(Data extracted from a collection)

= Beginning of Section =

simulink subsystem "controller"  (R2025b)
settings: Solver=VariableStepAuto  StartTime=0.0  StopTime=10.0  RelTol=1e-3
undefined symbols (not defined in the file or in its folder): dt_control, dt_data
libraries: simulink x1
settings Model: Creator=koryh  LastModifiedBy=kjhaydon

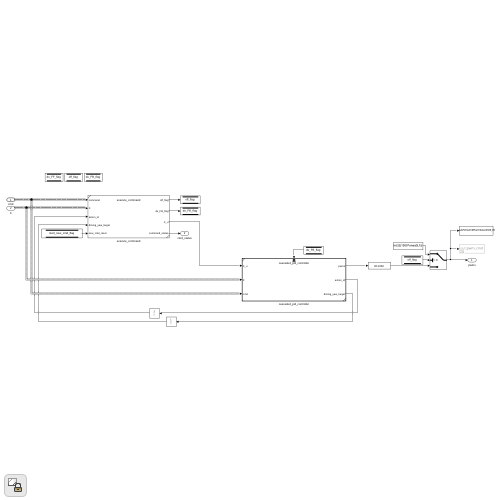
[thumbnail: Simulink's stored preview of the top-level diagram]
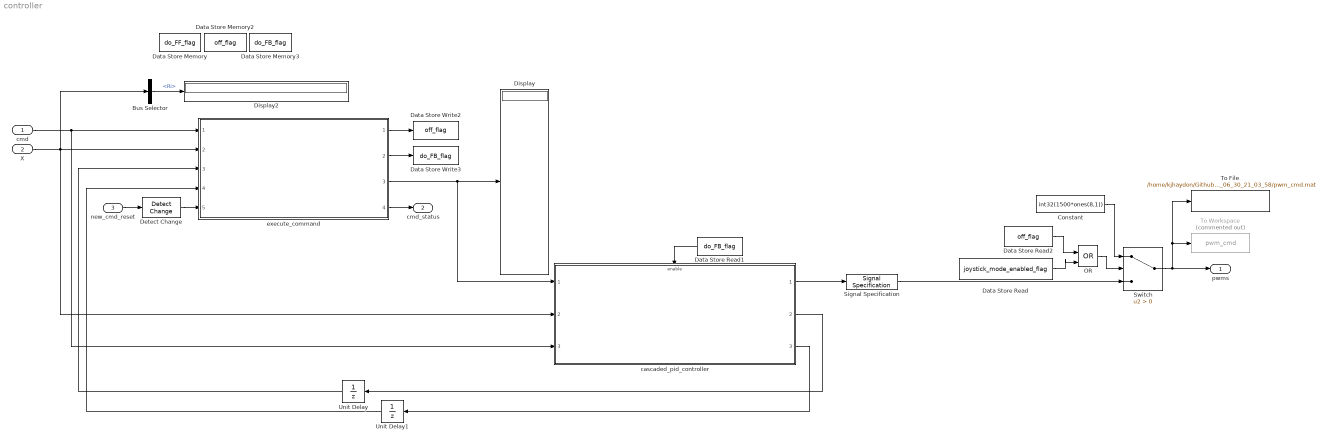
== system controller ==
  cmd : Inport  OutDataTypeStr=Bus: cmd_bus  SampleTime=dt_control
      settings: VarSizeSig=Yes
  X : Inport  Port=2  SampleTime=dt_control
  new_cmd_reset : Inport  Port=3
  Bus Selector : BusSelector  OutputSignals=Ri
  Constant : Constant  Value=int32(1500*ones(8,1))
  Data Store Memory : DataStoreMemory  DataStoreName=do_FF_flag  WriteAfterWriteMsg=warning  ShowAdditionalParam=off
  Data Store Memory2 : DataStoreMemory  DataStoreName=off_flag  WriteAfterWriteMsg=warning  ShowAdditionalParam=off
  Data Store Memory3 : DataStoreMemory  DataStoreName=do_FB_flag  WriteAfterWriteMsg=warning  ShowAdditionalParam=off
  Data Store Read : DataStoreRead  DataStoreName=joystick_mode_enabled_flag  IndexOptions=Index vector (dialog)  Indices=1  OutputSizes=1
  Data Store Read1 : DataStoreRead  DataStoreName=do_FB_flag  IndexOptions=Index vector (dialog)  Indices=1  OutputSizes=1
  Data Store Read2 : DataStoreRead  DataStoreName=off_flag  IndexOptions=Index vector (dialog)  Indices=1  OutputSizes=1
  Data Store Write2 : DataStoreWrite  DataStoreName=off_flag  IndexOptions=Index vector (dialog)  Indices=1  OutputSizes=1
  Data Store Write3 : DataStoreWrite  DataStoreName=do_FB_flag  IndexOptions=Index vector (dialog)  Indices=1  OutputSizes=1
  Detect Change : simulink/Logic and Bit Operations/Detect Change  vinit=0  OutDataTypeStr=boolean
  Display : Display
  Display2 : Display
  OR : Logic  Operator=OR  IconShape=distinctive  AllPortsSameDT=off  OutDataTypeStr=boolean
  Signal Specification : SignalSpecification  OutDataTypeStr=int32
  Switch : Switch  Criteria=u2 > Threshold  SaturateOnIntegerOverflow=off  InputSameDT=off
  To File : ToFile  Filename=/home/kjhaydon/Github/Robosub/SimulinkPlant/data/2026_06_30_21_03_58/pwm_cmd.mat  MatrixName=pwm_cmd  SaveFormat=Timeseries  SampleTime=dt_data
  To Workspace : ToWorkspace  Commented=on  VariableName=pwm_cmd  SaveFormat=Timeseries  SampleTime=dt_data
  Unit Delay : UnitDelay  SampleTime=dt_control  HasFrameUpgradeWarning=on
  Unit Delay1 : UnitDelay  SampleTime=dt_control  HasFrameUpgradeWarning=on
  cascaded_pid_controller : Subsystem  ReferencedSubsystem=cascaded_pid_controller
  execute_command : Subsystem  ReferencedSubsystem=execute_command
  pwms : Outport
  cmd_status : Outport  Port=2  SampleTime=dt_control
  wires:
  X/1 -> cascaded_pid_controller/2, execute_command/2, Bus Selector/1
  Switch/1 -> pwms/1, To File/1, To Workspace/1
  Data Store Read1/1 -> cascaded_pid_controller/Enable
  Constant/1 -> Switch/1
  cascaded_pid_controller/1 -> Signal Specification/1
  Signal Specification/1 -> Switch/3
  cascaded_pid_controller/2 -> Unit Delay/1
  Unit Delay/1 -> execute_command/3
  cascaded_pid_controller/3 -> Unit Delay1/1
  execute_command/3 -> cascaded_pid_controller/1, Display/1
  execute_command/1 -> Data Store Write2/1
  execute_command/2 -> Data Store Write3/1
  execute_command/4 -> cmd_status/1
  cmd/1 -> execute_command/1, cascaded_pid_controller/3
  Unit Delay1/1 -> execute_command/4
  OR/1 -> Switch/2
  Data Store Read/1 -> OR/2
  Data Store Read2/1 -> OR/1
  new_cmd_reset/1 -> Detect Change/1
  Bus Selector/1 -> Display2/1  "<Ri>"
  Detect Change/1 -> execute_command/5

= End of Section =

## What you will do
All entries above are to be set down word for word, and the pictures are to be left out.

## Answer to this task
simulink subsystem "controller"  (R2025b)
settings: Solver=VariableStepAuto  StartTime=0.0  StopTime=10.0  RelTol=1e-3
undefined symbols (not defined in the file or in its folder): dt_control, dt_data
libraries: simulink x1
settings Model: Creator=koryh  LastModifiedBy=kjhaydon

[thumbnail: Simulink's stored preview of the top-level diagram]
== system controller ==
  cmd : Inport  OutDataTypeStr=Bus: cmd_bus  SampleTime=dt_control
      settings: VarSizeSig=Yes
  X : Inport  Port=2  SampleTime=dt_control
  new_cmd_reset : Inport  Port=3
  Bus Selector : BusSelector  OutputSignals=Ri
  Constant : Constant  Value=int32(1500*ones(8,1))
  Data Store Memory : DataStoreMemory  DataStoreName=do_FF_flag  WriteAfterWriteMsg=warning  ShowAdditionalParam=off
  Data Store Memory2 : DataStoreMemory  DataStoreName=off_flag  WriteAfterWriteMsg=warning  ShowAdditionalParam=off
  Data Store Memory3 : DataStoreMemory  DataStoreName=do_FB_flag  WriteAfterWriteMsg=warning  ShowAdditionalParam=off
  Data Store Read : DataStoreRead  DataStoreName=joystick_mode_enabled_flag  IndexOptions=Index vector (dialog)  Indices=1  OutputSizes=1
  Data Store Read1 : DataStoreRead  DataStoreName=do_FB_flag  IndexOptions=Index vector (dialog)  Indices=1  OutputSizes=1
  Data Store Read2 : DataStoreRead  DataStoreName=off_flag  IndexOptions=Index vector (dialog)  Indices=1  OutputSizes=1
  Data Store Write2 : DataStoreWrite  DataStoreName=off_flag  IndexOptions=Index vector (dialog)  Indices=1  OutputSizes=1
  Data Store Write3 : DataStoreWrite  DataStoreName=do_FB_flag  IndexOptions=Index vector (dialog)  Indices=1  OutputSizes=1
  Detect Change : simulink/Logic and Bit Operations/Detect Change  vinit=0  OutDataTypeStr=boolean
  Display : Display
  Display2 : Display
  OR : Logic  Operator=OR  IconShape=distinctive  AllPortsSameDT=off  OutDataTypeStr=boolean
  Signal Specification : SignalSpecification  OutDataTypeStr=int32
  Switch : Switch  Criteria=u2 > Threshold  SaturateOnIntegerOverflow=off  InputSameDT=off
  To File : ToFile  Filename=/home/kjhaydon/Github/Robosub/SimulinkPlant/data/2026_06_30_21_03_58/pwm_cmd.mat  MatrixName=pwm_cmd  SaveFormat=Timeseries  SampleTime=dt_data
  To Workspace : ToWorkspace  Commented=on  VariableName=pwm_cmd  SaveFormat=Timeseries  SampleTime=dt_data
  Unit Delay : UnitDelay  SampleTime=dt_control  HasFrameUpgradeWarning=on
  Unit Delay1 : UnitDelay  SampleTime=dt_control  HasFrameUpgradeWarning=on
  cascaded_pid_controller : Subsystem  ReferencedSubsystem=cascaded_pid_controller
  execute_command : Subsystem  ReferencedSubsystem=execute_command
  pwms : Outport
  cmd_status : Outport  Port=2  SampleTime=dt_control
  wires:
  X/1 -> cascaded_pid_controller/2, execute_command/2, Bus Selector/1
  Switch/1 -> pwms/1, To File/1, To Workspace/1
  Data Store Read1/1 -> cascaded_pid_controller/Enable
  Constant/1 -> Switch/1
  cascaded_pid_controller/1 -> Signal Specification/1
  Signal Specification/1 -> Switch/3
  cascaded_pid_controller/2 -> Unit Delay/1
  Unit Delay/1 -> execute_command/3
  cascaded_pid_controller/3 -> Unit Delay1/1
  execute_command/3 -> cascaded_pid_controller/1, Display/1
  execute_command/1 -> Data Store Write2/1
  execute_command/2 -> Data Store Write3/1
  execute_command/4 -> cmd_status/1
  cmd/1 -> execute_command/1, cascaded_pid_controller/3
  Unit Delay1/1 -> execute_command/4
  OR/1 -> Switch/2
  Data Store Read/1 -> OR/2
  Data Store Read2/1 -> OR/1
  new_cmd_reset/1 -> Detect Change/1
  Bus Selector/1 -> Display2/1  "<Ri>"
  Detect Change/1 -> execute_command/5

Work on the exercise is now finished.